Sleep is the most common aspect of mental health which causes us to seek help from our GP. Problems here have a major knock on effect to our psychological health, immune system, perception of pain, digestion, concentration and feeling of general well-being.
The good news is that once we start to think about making our quality of sleep better the research suggests we can usually find at least some way of improving things.
Both quality and duration of sleep tend to increase.
What Can We Do to help address this?
How to Improve Our Sleep
Good sleep hygiene can improve our sleep quality
Caffeine
Stays in the system a long time as it is hard for the body to break down
Stimulates the Central Nervous System
Causes increased heart rate
Causes adrenaline production
Suppresses melatonin a hormone which helps us feel sleepy
Alcohol
Makes us fall asleep more easily but the quality of sleep is not as good
Interrupts sleep pattern in the second half of the night
Diuretic so need to get up to the toilet
Is a depressant and causes low mood which reduces sleep
Going cold turkey after a lot of alcohol causes withdrawal symptoms
Food
Difficult to sleep if hungry so light snack can help (not protein)
Rice/oats cause small melatonin production
Diary contain tryptophan which aid manufacture of melatonin in body
Refined Sugar
Makes us more active and less sleepy
Exercise
Better earlier in the day as increases adrenaline
Older adults found to sleep better with aerobic exercise
Physical fitness increases metabolism which results in better sleep
Reduces anxiety and improves mood causing better sleep
Light management
No IT equipment or TV in bedroom
No alarm with permanent light on bedside
Reduce blue light exposure
Stop interaction on social media etc at least an hour before sleep
Low lighting on run down to sleep
Blackout when wish to sleep (Blackout curtains in summer)
Environment
Comfortable bed
Noise stopped – or earplugs can help
Temperature – not too hot (17 degrees)
Good ventilation
Medication
Most common sleep medications are called hypnotics. Only helpful in short term (NICE guidelines say 2-4 weeks) as they are addictive also have rebound effects once come off them which can make sleep worse than it was to start with.
Psychological Approaches
Aim to challenge the underlying thoughts and feelings about sleep.
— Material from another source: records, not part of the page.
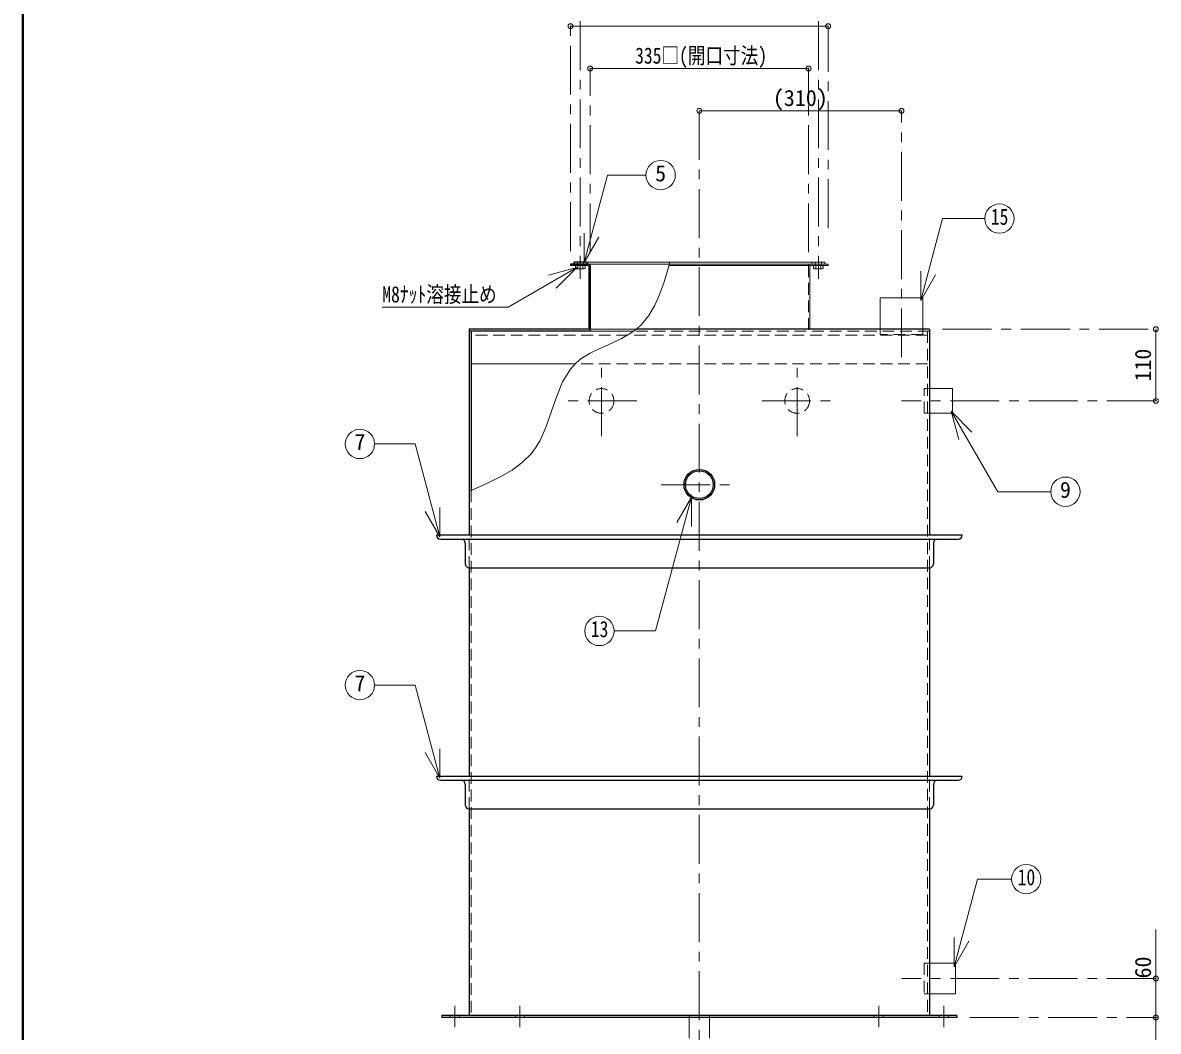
# Model space of a CAD drawing. Units: millimetres at full size, sheet at 1:15; details may follow other scales. Extents: x -3184 to 2891, y -2037 to 2178.
# Drawn here: x -3184 to -1443, y -1243 to 304 of the extents above; entities that cross this region are included whole.
import ezdxf
from ezdxf.enums import TextEntityAlignment as Align

# ---------------------------------------------------------------- set-up
doc = ezdxf.new("R2010")
doc.units = ezdxf.units.MM
doc.header["$LTSCALE"] = 15
doc.header["$PDMODE"] = 32
doc.header["$PDSIZE"] = 7.5
doc.linetypes.add('CHAIN1', pattern=[8, 5, -1, 1, -1])
doc.linetypes.add('DASHED1', pattern=[1.8, 1.2, -0.6])
doc.layers.add('0-0', color=7, linetype='Continuous', lineweight=18)
doc.styles.add('ＭＳ ゴシック', font='')
doc.styles.get('ＭＳ ゴシック').set_extended_font_data('MS Gothic')

msp = doc.modelspace()

# ---------------------------------------------------------------- linework, layer by layer
at = {"layer": '0-0', "color": 1, "lineweight": 40}
msp.add_line((-3184.2, -2037.13), (-3184.2, 2177.87), dxfattribs=at)
at = {"layer": '0-0', "color": 4, "linetype": 'CHAIN1', "lineweight": 9}
for p, q in [((-2329.2, 546.47), (-2329.2, -88.63)), ((-1964.2, 546.47), (-1964.2, -88.63)), ((-2344.2, -46.13), (-2344.2, 298.87)), ((-1949.2, -11.13), (-1949.2, 298.87)), ((-2314.2, -48.13), (-2314.2, 233.87)), ((-1979.2, -48.13), (-1979.2, 233.87)), ((-2146.7, 168.87), (-2146.7, -1303.63)), ((-1836.7, -209.13), (-1836.7, 168.87)), ((-1773.7, -166.13), (-1446.7, -166.13)), ((-2296.7, -330.13), (-2296.7, -222.13)), ((-1996.7, -330.13), (-1996.7, -222.13)), ((-2242.7, -276.13), (-2350.7, -276.13)), ((-2050.7, -276.13), (-1942.7, -276.13)), ((-1446.7, -276.13), (-1836.7, -276.13)), ((-2205.2, -404.63), (-2088.2, -404.63)), ((-1446.7, -1162.13), (-1836.7, -1162.13)), ((-2521.7, -1237.13), (-2521.7, -1204.13)), ((-2421.7, -1237.13), (-2421.7, -1204.13)), ((-1871.7, -1237.13), (-1871.7, -1204.13)), ((-1771.7, -1237.13), (-1771.7, -1204.13)), ((-1731.7, -1222.13), (-1444.7, -1222.13))]:
    msp.add_line(p, q, dxfattribs=at)
at = {"layer": '0-0', "color": 4, "lineweight": 9}
for p, q in [((-2344.2, 298.87), (-1949.2, 298.87)), ((-2314.2, 233.87), (-1979.2, 233.87)), ((-2146.7, 168.87), (-1836.7, 168.87)), ((-2319.2, -63.13), (-2191.68, -63.13)), ((-2316.2, -66.13), (-2192.66, -66.13)), ((-1977.2, -69.13), (-1977.2, -166.13)), ((-1804.2, -118.13), (-1869.2, -118.13)), ((-1869.2, -166.13), (-1869.2, -118.13)), ((-1804.2, -166.13), (-1804.2, -118.13)), ((-2314.2, -166.13), (-2243.09, -166.13)), ((-2314.2, -169.13), (-2247.24, -169.13)), ((-1446.7, -276.13), (-1446.7, -166.13)), ((-2336.92, -219.13), (-2496.7, -219.13)), ((-1446.7, -1087.13), (-1446.7, -1297.13))]:
    msp.add_line(p, q, dxfattribs=at)
at = {"layer": '0-0'}
for p, q in [((-2323.27, -63.7), (-2287.37, 70.27)), ((-2228.5, 70.27), (-2287.37, 70.27)), ((-1807.21, -121.85), (-1773.61, 3.54)), ((-1709.08, 3.54), (-1773.61, 3.54)), ((-2323.27, -63.7), (-2323.27, -18.7)), ((-2323.27, -63.7), (-2300.77, -24.73)), ((-2332.95, -68.43), (-2332.95, -73.13)), ((-2325.45, -68.43), (-2325.45, -73.13)), ((-1949.2, -68.13), (-2193.31, -68.13)), ((-1949.2, -66.13), (-2192.66, -66.13)), ((-1954.2, -63.13), (-2191.68, -63.13)), ((-1967.95, -68.43), (-1967.95, -73.13)), ((-1960.45, -68.43), (-1960.45, -73.13)), ((-1954.2, -63.13), (-1954.2, -66.13)), ((-1949.2, -68.13), (-1949.2, -66.13)), ((-2334.32, -71.48), (-2439.79, -132.37)), ((-2334.32, -71.48), (-2377.79, -83.13)), ((-2334.32, -71.48), (-2366.14, -103.3)), ((-2335.45, -73.63), (-2322.95, -73.63)), ((-1957.95, -73.63), (-1970.45, -73.63)), ((-1807.21, -121.85), (-1807.21, -76.85)), ((-1807.21, -121.85), (-1784.71, -82.88)), ((-2439.79, -132.37), (-2632.81, -132.37)), ((-1758.7, -257.13), (-1793.7, -257.13)), ((-1758.7, -295.13), (-1758.7, -257.13)), ((-1758.7, -295.13), (-1793.7, -295.13)), ((-1760.43, -292.05), (-1748.78, -335.51)), ((-1760.43, -292.05), (-1728.61, -323.87)), ((-1760.43, -292.05), (-1689.22, -415.38)), ((-2582.61, -342.17), (-2644.63, -342.17)), ((-2544.43, -484.67), (-2582.61, -342.17)), ((-1607.76, -415.38), (-1689.22, -415.38)), ((-2158.88, -423.58), (-2213.94, -629.08)), ((-2158.88, -423.58), (-2181.38, -462.55)), ((-2158.88, -423.58), (-2158.88, -468.58)), ((-2544.43, -484.67), (-2566.93, -445.69)), ((-2544.43, -484.67), (-2544.43, -439.67)), ((-2213.94, -629.08), (-2277.43, -629.08)), ((-2582.61, -712.17), (-2644.63, -712.17)), ((-2544.43, -854.67), (-2582.61, -712.17)), ((-2544.43, -854.67), (-2566.93, -815.69)), ((-2544.43, -854.67), (-2544.43, -809.67)), ((-1755.95, -1144.16), (-1719.94, -1009.77)), ((-1667.97, -1009.77), (-1719.94, -1009.77)), ((-1755.95, -1144.16), (-1755.95, -1099.16)), ((-1755.95, -1144.16), (-1733.45, -1105.19)), ((-1793.7, -1138.63), (-1753.7, -1138.63)), ((-1753.7, -1138.63), (-1753.7, -1185.63)), ((-1793.7, -1185.63), (-1753.7, -1185.63)), ((-2162.2, -1222.13), (-2162.2, -1253.63)), ((-2131.2, -1222.13), (-2131.2, -1253.63))]:
    msp.add_line(p, q, dxfattribs=at)
at = {"layer": '0-0', "color": 5, "lineweight": 25}
for p, q in [((-2316.2, -66.13), (-2344.2, -66.13)), ((-2344.2, -66.13), (-2344.2, -68.13)), ((-2317.2, -68.13), (-2344.2, -68.13)), ((-2319.2, -63.13), (-2339.2, -63.13)), ((-2339.2, -63.13), (-2339.2, -66.13)), ((-2319.2, -63.13), (-2319.2, -66.13)), ((-2316.2, -69.13), (-2316.2, -166.13)), ((-2314.2, -68.13), (-2314.2, -169.13)), ((-2499.7, -166.13), (-2499.7, -482.13)), ((-2314.2, -166.13), (-2499.7, -166.13)), ((-2314.2, -169.13), (-2499.7, -169.13)), ((-2496.7, -169.13), (-2496.7, -413.49)), ((-1793.7, -166.13), (-2243.09, -166.13)), ((-1793.7, -166.13), (-1793.7, -482.13)), ((-1743.7, -482.13), (-2549.7, -482.13)), ((-2543.7, -488.13), (-1749.7, -488.13)), ((-2505.7, -494.13), (-2505.7, -526.13)), ((-1787.7, -494.13), (-1787.7, -526.13)), ((-2499.7, -532.13), (-1793.7, -532.13)), ((-2499.7, -532.13), (-2499.7, -852.13)), ((-1793.7, -532.13), (-1793.7, -852.13)), ((-1743.7, -852.13), (-2549.7, -852.13)), ((-2543.7, -858.13), (-1749.7, -858.13)), ((-2505.7, -864.13), (-2505.7, -896.13)), ((-1787.7, -864.13), (-1787.7, -896.13)), ((-2499.7, -902.13), (-1793.7, -902.13)), ((-2499.7, -902.13), (-2499.7, -1219.13)), ((-1793.7, -902.13), (-1793.7, -1219.13)), ((-2541.7, -1219.13), (-2541.7, -1222.13)), ((-1751.7, -1219.13), (-2541.7, -1219.13)), ((-1751.7, -1222.13), (-2541.7, -1222.13)), ((-1751.7, -1219.13), (-1751.7, -1222.13))]:
    msp.add_line(p, q, dxfattribs=at)
at = {"layer": '0-0', "color": 4, "linetype": 'DASHED1', "lineweight": 9}
for p, q in [((-2334.2, -68.13), (-2334.2, -63.13)), ((-2324.2, -68.13), (-2324.2, -63.13)), ((-1979.2, -68.13), (-1979.2, -169.13)), ((-1974.2, -63.13), (-1974.2, -66.13)), ((-1969.2, -68.13), (-1969.2, -63.13)), ((-1959.2, -68.13), (-1959.2, -63.13)), ((-1869.2, -166.13), (-1869.2, -174.13)), ((-1804.2, -166.13), (-1804.2, -174.13)), ((-1796.7, -175.13), (-2496.7, -175.13)), ((-1804.2, -174.13), (-1869.2, -174.13)), ((-1796.7, -219.13), (-2336.92, -219.13)), ((-1801.7, -295.13), (-1801.7, -257.13)), ((-1793.7, -257.13), (-1801.7, -257.13)), ((-1793.7, -295.13), (-1801.7, -295.13)), ((-1801.7, -1138.63), (-1801.7, -1185.63)), ((-1793.7, -1138.63), (-1801.7, -1138.63)), ((-1793.7, -1185.63), (-1801.7, -1185.63)), ((-2528.7, -1219.13), (-2528.7, -1222.13)), ((-2514.7, -1219.13), (-2514.7, -1222.13)), ((-2162.2, -1219.13), (-2162.2, -1222.13)), ((-2131.2, -1219.13), (-2131.2, -1222.13)), ((-1778.7, -1219.13), (-1778.7, -1222.13)), ((-1764.7, -1219.13), (-1764.7, -1222.13))]:
    msp.add_line(p, q, dxfattribs=at)
at = {"layer": '0-0', "linetype": 'DASHED1'}
for p, q in [((-1793.7, -169.13), (-2247.24, -169.13)), ((-1796.7, -169.13), (-1796.7, -1219.13)), ((-2496.7, -413.49), (-2496.7, -1219.13)), ((-2499.7, -532.13), (-2499.7, -482.13)), ((-1793.7, -532.13), (-1793.7, -482.13)), ((-2499.7, -902.13), (-2499.7, -852.13)), ((-1793.7, -902.13), (-1793.7, -852.13)), ((-2428.7, -1222.13), (-2428.7, -1219.13)), ((-2414.7, -1219.13), (-2414.7, -1222.13)), ((-1878.7, -1219.13), (-1878.7, -1222.13)), ((-1864.7, -1222.13), (-1864.7, -1219.13))]:
    msp.add_line(p, q, dxfattribs=at)
at = {"layer": '0-0'}
for points in [[(-2499.7, -414.78), (-2488.49, -409.97), (-2469.41, -401.45), (-2451.04, -392.29), (-2433.82, -382.11), (-2418.19, -370.51), (-2404.61, -357.08), (-2397.85, -348.29), (-2390.95, -336.85), (-2381.3, -315.14), (-2373.27, -292.03), (-2365.4, -268.85), (-2356.28, -246.89), (-2344.46, -227.47), (-2335.8, -217.89), (-2328.44, -211.78), (-2314.08, -202.77), (-2298.34, -195.04), (-2282.03, -187.82), (-2265.97, -180.34), (-2250.98, -171.83), (-2243.09, -166.13), (-2235.4, -159.14), (-2224.07, -145.24), (-2214.81, -129.39), (-2207.15, -112.02), (-2200.66, -93.54), (-2194.89, -74.38), (-2191.68, -63.13)], [(-2336.68, -68.43), (-2336.68, -73.13), (-2335.45, -73.63)], [(-2321.72, -68.43), (-2321.72, -73.13), (-2322.95, -73.63)], [(-1971.68, -68.43), (-1971.68, -73.13), (-1970.45, -73.63)], [(-1956.72, -68.43), (-1956.72, -73.13), (-1957.95, -73.63)]]:
    msp.add_lwpolyline(points, dxfattribs=at)
for centre in [(-2206, 70.27), (-1686.58, 3.54), (-2667.13, -342.17), (-1585.26, -415.38), (-2299.93, -629.08), (-2667.13, -712.17), (-1645.47, -1009.77)]:
    msp.add_circle(centre, 22.5, dxfattribs=at)
at = {"layer": '0-0', "color": 4, "linetype": 'DASHED1', "lineweight": 9}
for centre in [(-2296.7, -276.13), (-1996.7, -276.13)]:
    msp.add_circle(centre, 19, dxfattribs=at)
at = {"layer": '0-0', "color": 5, "lineweight": 25}
for radius in [23.5, 21.35]:
    msp.add_circle((-2146.7, -404.63), radius, dxfattribs=at)
at = {"layer": '0-0'}
for centre, radius, start, end in [((-2336.38, -68.43), 0.3, 90, 180), ((-2333.25, -68.43), 0.3, 0, 90), ((-2332.65, -68.43), 0.3, 90, 180), ((-2325.75, -68.43), 0.3, 0, 90), ((-2325.15, -68.43), 0.3, 90, 180), ((-2322.02, -68.43), 0.3, 0, 90), ((-1971.38, -68.43), 0.3, 90, 180), ((-1968.25, -68.43), 0.3, 0, 90), ((-1967.65, -68.43), 0.3, 90, 180), ((-1960.75, -68.43), 0.3, 0, 90), ((-1960.15, -68.43), 0.3, 90, 180), ((-1957.02, -68.43), 0.3, 0, 90), ((-2335.69, -65.98), 7.65, 271.74524, 290.89913), ((-2329.2, -59.3), 14.33, 254.82182, 285.17818), ((-2322.72, -65.98), 7.65, 249.10087, 268.25476), ((-1970.69, -65.98), 7.65, 271.74524, 290.89913), ((-1964.2, -59.3), 14.33, 254.82182, 285.17818), ((-1957.72, -65.98), 7.65, 249.10087, 268.25476)]:
    msp.add_arc(centre, radius, start, end, dxfattribs=at)
at = {"layer": '0-0', "color": 5, "lineweight": 25}
for centre, radius, start, end in [((-2317.2, -69.13), 1, 0, 90), ((-2316.2, -68.13), 2, 0, 90), ((-2543.7, -482.13), 6, 180, 270), ((-1749.7, -482.13), 6, 270, 0), ((-2511.7, -494.13), 6, 0, 90), ((-1781.7, -494.13), 6, 90, 180), ((-2499.7, -526.13), 6, 180, 270), ((-1793.7, -526.13), 6, 270, 0), ((-2543.7, -852.13), 6, 180, 270), ((-1749.7, -852.13), 6, 270, 0), ((-2511.7, -864.13), 6, 0, 90), ((-1781.7, -864.13), 6, 90, 180), ((-2499.7, -896.13), 6, 180, 270), ((-1793.7, -896.13), 6, 270, 0)]:
    msp.add_arc(centre, radius, start, end, dxfattribs=at)
at = {"layer": '0-0', "color": 4, "linetype": 'DASHED1', "lineweight": 9}
msp.add_arc((-1977.2, -68.13), 2, 90, 180, dxfattribs=at)
at = {"layer": '0-0', "color": 4, "lineweight": 9}
msp.add_arc((-1976.2, -69.13), 1, 90, 180, dxfattribs=at)
at = {"layer": '0-0', "color": 1}
for p in [(-2344.2, 298.87), (-1949.2, 298.87), (-2314.2, 233.87), (-1979.2, 233.87), (-2146.7, 168.87), (-1836.7, 168.87), (-1446.7, -166.13), (-1446.7, -276.13), (-1446.7, -1162.13), (-1446.7, -1222.13)]:
    msp.add_point(p, dxfattribs=at)

# ---------------------------------------------------------------- texts
at = {"layer": '0-0', "style": 'ＭＳ ゴシック', "width": 0.8}
for s, p in [('335□(開口寸法)', (-2245.14, 233.87)), ('15', (-1699.7, -13.34)), ('M8ﾅｯﾄ溶接止め', (-2632.81, -132.37)), ('13', (-2313.06, -645.95)), ('10', (-1658.59, -1026.65))]:
    msp.add_text(s, height=24.74, dxfattribs=at).set_placement(p, align=Align.BOTTOM_LEFT)
at = {"layer": '0-0', "style": 'ＭＳ ゴシック'}
for s, p in [('(310)', (-2033.89, 168.87)), ('5', (-2214.44, 53.39)), ('7', (-2675.57, -359.05)), ('9', (-1593.7, -432.25)), ('7', (-2675.57, -729.05))]:
    msp.add_text(s, height=24.74, dxfattribs=at).set_placement(p, align=Align.BOTTOM_LEFT)
for s, p in [('110', (-1446.7, -246.44)), ('60', (-1446.7, -1162.13))]:
    msp.add_text(s, height=24.74, rotation=90, dxfattribs=at).set_placement(p, align=Align.BOTTOM_LEFT)

doc.saveas('drawing.dxf')

Cognitive Behavioural Therapy (CBT) has been found to be an effective part in treatment of insomnia. Including this as treatment package as follows will maximise your chances of making a positive change;1. Sleep Hygiene (as above)2. Relaxation Training3. Adjusting sleep patterns4. Altering the thoughts and behaviour which hinder sleep
Relaxation
People with insomnia often find it difficult to relax naturally before they go to sleep
Useful to use1. Breathing – Finger breathing/breathing and visualisation2. Muscle tension3. 1 hour wind down
These all take practice before they are mastered and it may take a little while to start to feel it is a comfortable part of your routine.
Adjusting Sleep Patterns
Monitor sleep diary for 2 weeks to see what is actually happening
Review findings in light of sleep hygiene protocol
Altering the Thought and Behaviour Which Hinder Sleep
Make the bedroom the place to sleep not eat/work/watch TV. If you wake and don’t get back to sleep within a few minutes try a relaxation exercise. If still awake get up and do something relaxing like reading the paper in another room until feel sleepy then return to bed.